Gordon Brown has claimed that around 10 per cent of the UK package to stimulate the economy was directed towards environmentally important technologies”.

But as this NEF report commissioned by Greenpeace shows, new funding for greening the economy amounts to just 0.6 per cent of the UK’s total stimulus package.

The government could be missing a huge opportunity – the chance to boost the economy,
ensure energy security and act on climate change, by directing new and additional resources
into the environmental transformation of the economy.

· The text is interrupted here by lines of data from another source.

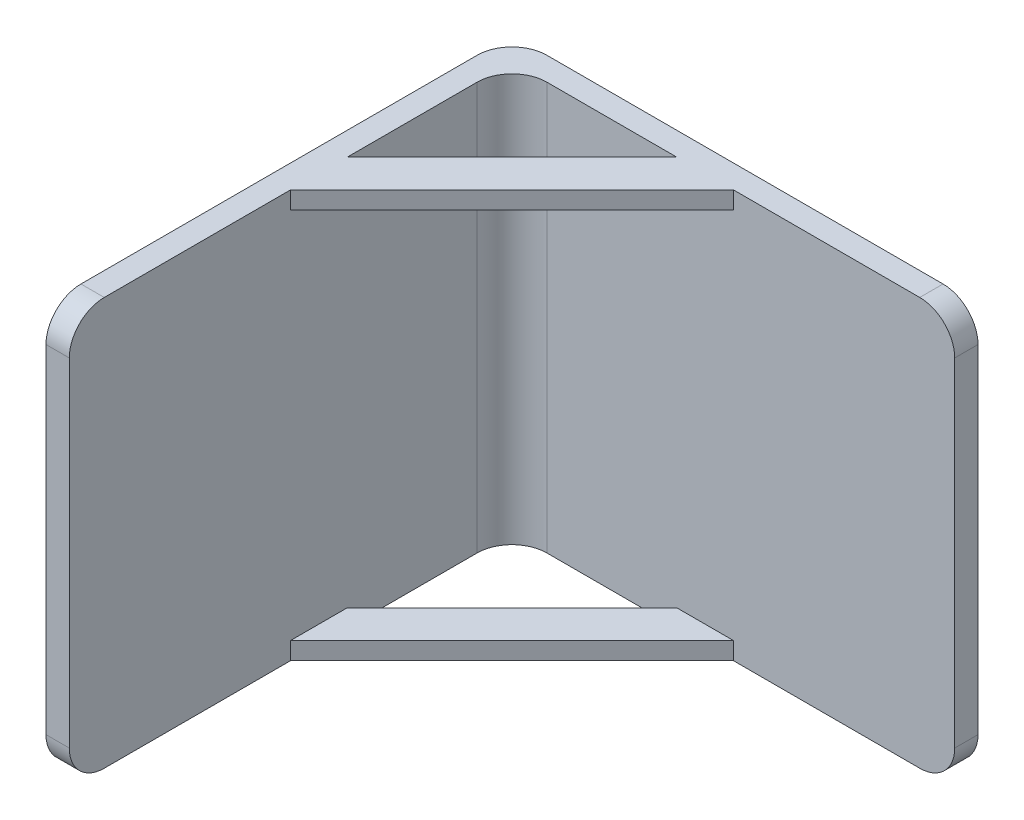
ISO-10303-21;
HEADER;
FILE_DESCRIPTION(('STEP AP214'),'2;1');
FILE_NAME('part.step','',(''),(''),'','','');
FILE_SCHEMA(('AUTOMOTIVE_DESIGN { 1 0 10303 214 1 1 1 1 }'));
ENDSEC;
DATA;
#1=APPLICATION_CONTEXT('core data for automotive mechanical design processes');
#2=APPLICATION_PROTOCOL_DEFINITION('international standard','automotive_design',2000,#1);
#3=PRODUCT_CONTEXT('',#1,'mechanical');
#4=PRODUCT('Part','Part','',(#3));
#5=PRODUCT_RELATED_PRODUCT_CATEGORY('part','',(#4));
#6=PRODUCT_DEFINITION_FORMATION('','',#4);
#7=PRODUCT_DEFINITION_CONTEXT('part definition',#1,'design');
#8=PRODUCT_DEFINITION('design','',#6,#7);
#9=PRODUCT_DEFINITION_SHAPE('','',#8);
#10=(LENGTH_UNIT() NAMED_UNIT(*) SI_UNIT(.MILLI.,.METRE.));
#11=(NAMED_UNIT(*) PLANE_ANGLE_UNIT() SI_UNIT($,.RADIAN.));
#12=(NAMED_UNIT(*) SI_UNIT($,.STERADIAN.) SOLID_ANGLE_UNIT());
#13=UNCERTAINTY_MEASURE_WITH_UNIT(LENGTH_MEASURE(1.E-05),#10,'distance_accuracy_value','');
#14=(GEOMETRIC_REPRESENTATION_CONTEXT(3) GLOBAL_UNCERTAINTY_ASSIGNED_CONTEXT((#13)) GLOBAL_UNIT_ASSIGNED_CONTEXT((#10,
#11,#12)) REPRESENTATION_CONTEXT('',''));
#15=CARTESIAN_POINT('',(0.,0.,0.));
#16=DIRECTION('',(0.,0.,1.));
#17=DIRECTION('',(1.,0.,0.));
#18=AXIS2_PLACEMENT_3D('',#15,#16,#17);
#19=CARTESIAN_POINT('',(0.,0.,2.));
#20=DIRECTION('',(0.,0.,-1.));
#21=DIRECTION('',(-1.,0.,0.));
#22=AXIS2_PLACEMENT_3D('',#19,#20,#21);
#23=PLANE('',#22);
#24=DIRECTION('',(1.,0.,0.));
#25=VECTOR('',#24,1.);
#26=CARTESIAN_POINT('',(-3.85786437626902,16.,2.));
#27=LINE('',#26,#25);
#28=CARTESIAN_POINT('',(-3.85786437626902,16.,2.));
#29=VERTEX_POINT('',#28);
#30=CARTESIAN_POINT('',(1.,16.,2.));
#31=VERTEX_POINT('',#30);
#32=EDGE_CURVE('E56',#29,#31,#27,.T.);
#33=ORIENTED_EDGE('',*,*,#32,.F.);
#34=DIRECTION('',(0.,-1.,0.));
#35=VECTOR('',#34,1.);
#36=CARTESIAN_POINT('',(-3.85786437626902,17.5,2.));
#37=LINE('',#36,#35);
#38=CARTESIAN_POINT('',(-3.85786437626902,17.5,2.));
#39=VERTEX_POINT('',#38);
#40=EDGE_CURVE('E182',#39,#29,#37,.T.);
#41=ORIENTED_EDGE('',*,*,#40,.F.);
#42=DIRECTION('',(-1.,0.,0.));
#43=VECTOR('',#42,1.);
#44=CARTESIAN_POINT('',(-20.,17.5,2.));
#45=LINE('',#44,#43);
#46=CARTESIAN_POINT('',(-15.,17.5,2.));
#47=VERTEX_POINT('',#46);
#48=EDGE_CURVE('E173',#39,#47,#45,.T.);
#49=ORIENTED_EDGE('',*,*,#48,.T.);
#50=DIRECTION('',(0.,1.,0.));
#51=VECTOR('',#50,1.);
#52=CARTESIAN_POINT('',(-15.,-17.5,2.));
#53=LINE('',#52,#51);
#54=CARTESIAN_POINT('',(-15.,-17.5,2.));
#55=VERTEX_POINT('',#54);
#56=EDGE_CURVE('E308',#47,#55,#53,.F.);
#57=ORIENTED_EDGE('',*,*,#56,.T.);
#58=DIRECTION('',(1.,0.,0.));
#59=VECTOR('',#58,1.);
#60=CARTESIAN_POINT('',(-20.,-17.5,2.));
#61=LINE('',#60,#59);
#62=CARTESIAN_POINT('',(-3.85786437626902,-17.5,2.));
#63=VERTEX_POINT('',#62);
#64=EDGE_CURVE('E255',#55,#63,#61,.T.);
#65=ORIENTED_EDGE('',*,*,#64,.T.);
#66=DIRECTION('',(0.,-1.,0.));
#67=VECTOR('',#66,1.);
#68=CARTESIAN_POINT('',(-3.85786437626902,-16.,2.));
#69=LINE('',#68,#67);
#70=CARTESIAN_POINT('',(-3.85786437626902,-16.,2.));
#71=VERTEX_POINT('',#70);
#72=EDGE_CURVE('E226',#71,#63,#69,.T.);
#73=ORIENTED_EDGE('',*,*,#72,.F.);
#74=DIRECTION('',(1.,0.,0.));
#75=VECTOR('',#74,1.);
#76=CARTESIAN_POINT('',(-3.85786437626902,-16.,2.));
#77=LINE('',#76,#75);
#78=CARTESIAN_POINT('',(1.,-16.,2.));
#79=VERTEX_POINT('',#78);
#80=EDGE_CURVE('E210',#71,#79,#77,.T.);
#81=ORIENTED_EDGE('',*,*,#80,.T.);
#82=DIRECTION('',(0.,-1.,0.));
#83=VECTOR('',#82,1.);
#84=CARTESIAN_POINT('',(1.,-16.,2.));
#85=LINE('',#84,#83);
#86=CARTESIAN_POINT('',(1.,-17.5,2.));
#87=VERTEX_POINT('',#86);
#88=EDGE_CURVE('E221',#79,#87,#85,.T.);
#89=ORIENTED_EDGE('',*,*,#88,.T.);
#90=CARTESIAN_POINT('',(17.,-17.5,2.));
#91=VERTEX_POINT('',#90);
#92=EDGE_CURVE('E254',#87,#91,#61,.T.);
#93=ORIENTED_EDGE('',*,*,#92,.T.);
#94=CARTESIAN_POINT('',(17.,-14.5,2.));
#95=DIRECTION('',(0.,0.,-1.));
#96=DIRECTION('',(-1.,0.,0.));
#97=AXIS2_PLACEMENT_3D('',#94,#95,#96);
#98=CIRCLE('',#97,3.);
#99=CARTESIAN_POINT('',(20.,-14.5,2.));
#100=VERTEX_POINT('',#99);
#101=EDGE_CURVE('E304',#91,#100,#98,.F.);
#102=ORIENTED_EDGE('',*,*,#101,.T.);
#103=DIRECTION('',(0.,1.,0.));
#104=VECTOR('',#103,1.);
#105=CARTESIAN_POINT('',(20.,-17.5,2.));
#106=LINE('',#105,#104);
#107=CARTESIAN_POINT('',(20.,14.5,2.));
#108=VERTEX_POINT('',#107);
#109=EDGE_CURVE('E180',#100,#108,#106,.T.);
#110=ORIENTED_EDGE('',*,*,#109,.T.);
#111=CARTESIAN_POINT('',(17.,14.5,2.));
#112=DIRECTION('',(0.,0.,-1.));
#113=DIRECTION('',(-1.,0.,0.));
#114=AXIS2_PLACEMENT_3D('',#111,#112,#113);
#115=CIRCLE('',#114,3.);
#116=CARTESIAN_POINT('',(17.,17.5,2.));
#117=VERTEX_POINT('',#116);
#118=EDGE_CURVE('E306',#108,#117,#115,.F.);
#119=ORIENTED_EDGE('',*,*,#118,.T.);
#120=CARTESIAN_POINT('',(1.,17.5,2.));
#121=VERTEX_POINT('',#120);
#122=EDGE_CURVE('E179',#117,#121,#45,.T.);
#123=ORIENTED_EDGE('',*,*,#122,.T.);
#124=DIRECTION('',(0.,-1.,0.));
#125=VECTOR('',#124,1.);
#126=CARTESIAN_POINT('',(1.,17.5,2.));
#127=LINE('',#126,#125);
#128=EDGE_CURVE('E51',#121,#31,#127,.T.);
#129=ORIENTED_EDGE('',*,*,#128,.T.);
#130=EDGE_LOOP('',(#33,#41,#49,#57,#65,#73,#81,#89,#93,#102,#110,#119,#123,#129));
#131=FACE_BOUND('',#130,.T.);
#132=ADVANCED_FACE('F36',(#131),#23,.F.);
#133=CARTESIAN_POINT('',(20.,-17.5,2.));
#134=DIRECTION('',(-1.,0.,0.));
#135=DIRECTION('',(0.,0.,1.));
#136=AXIS2_PLACEMENT_3D('',#133,#134,#135);
#137=PLANE('',#136);
#138=DIRECTION('',(0.,1.,0.));
#139=VECTOR('',#138,1.);
#140=CARTESIAN_POINT('',(20.,-17.5,0.));
#141=LINE('',#140,#139);
#142=CARTESIAN_POINT('',(20.,-14.5,0.));
#143=VERTEX_POINT('',#142);
#144=CARTESIAN_POINT('',(20.,14.5,0.));
#145=VERTEX_POINT('',#144);
#146=EDGE_CURVE('E250',#143,#145,#141,.T.);
#147=ORIENTED_EDGE('',*,*,#146,.T.);
#148=DIRECTION('',(0.,0.,-1.));
#149=VECTOR('',#148,1.);
#150=CARTESIAN_POINT('',(20.,14.5,2.));
#151=LINE('',#150,#149);
#152=EDGE_CURVE('E313',#145,#108,#151,.F.);
#153=ORIENTED_EDGE('',*,*,#152,.T.);
#154=ORIENTED_EDGE('',*,*,#109,.F.);
#155=DIRECTION('',(0.,0.,-1.));
#156=VECTOR('',#155,1.);
#157=CARTESIAN_POINT('',(20.,-14.5,2.));
#158=LINE('',#157,#156);
#159=EDGE_CURVE('E310',#100,#143,#158,.T.);
#160=ORIENTED_EDGE('',*,*,#159,.T.);
#161=EDGE_LOOP('',(#147,#153,#154,#160));
#162=FACE_BOUND('',#161,.T.);
#163=ADVANCED_FACE('F363',(#162),#137,.F.);
#164=CARTESIAN_POINT('',(-20.,17.5,2.));
#165=DIRECTION('',(0.,-1.,0.));
#166=DIRECTION('',(0.,0.,-1.));
#167=AXIS2_PLACEMENT_3D('',#164,#165,#166);
#168=PLANE('',#167);
#169=DIRECTION('',(-0.707106781186548,0.,0.707106781186548));
#170=VECTOR('',#169,1.);
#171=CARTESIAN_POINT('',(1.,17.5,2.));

In the context of the economic recession, the increasingly urgent challenge of climate change,
and calls for a Green New Deal, this report asks: what is the government doing that is new and
additional to stimulate the economy by spending on the environment?

The report reveals that:

  • New and additional green spending included in the green stimulus package of the government’s Pre-Budget Report (PBR) is astonishingly small compared to other recent spending commitments, at just 0.6% of the UK’s £20bn recovery plan. This key element makes up just 0.0083% of UK GDP, but in the wake of the banking crisis nearly 20% of UK GDP has been provided to support the financial sector.
  • New and additional green measures could save just 0.128 million tonnes of carbon dioxide (MtCO2) per year from the atmosphere and will only delay the accumulation of UK carbon emissions by six and a half hours by the end of 2011.
  • Just over £100m is being allocated to spending that is genuinely new and additional; this is a fraction – less than 13% – of the annual bonus package given to staff at the failed Royal Bank of Scotland (RBS) which is estimated at approximately £775m. £100m represents just 0.0083% of UK GDP. Estimates for necessary new annual spending on environmental economic stimulus and transformation range from £11bn to £50bn.
  • Figures from HSBC and the IMF indicate that among the major economies, the greater the proportion of GDP spent on bailing out banks coincides with a lower proportion spent on green stimuli.
  • Several of the government’s measures are, in fact, in conflict with the environmenta stimulus. By comparison with the new and additional spending of the PBR’s green stimulus, £2.3bn – around 22 times – has been put aside to assist the car industry. If spent on energy efficiency measures this would save about 3 MtCO2 annually.
  • £27m has been put aside specifically for development of a new Land Rover vehicle, the Land Rover Group are one of the most climate-unfriendly manufacturers in Europe. The potential CO2 savings of the proposed vehicle have not been specified. This is not encouraging, particularly given that this financial support is likely to delay a shift to greater use of public transport and that historically much of the gain in efficiency in vehicles has been negatively counter-balanced through a gain in weight of the vehicle concerned.
  • There has been a further commitment to spend on building 520 lane miles of road expansion. Research indicates that the provision of new lanes leads to relative increases of between 30 and 50% in the number of vehicle miles travelled on that road – in other words, more car use. This happens due to the phenomenon known as induced traffic: building new roads merely encourages more traffic.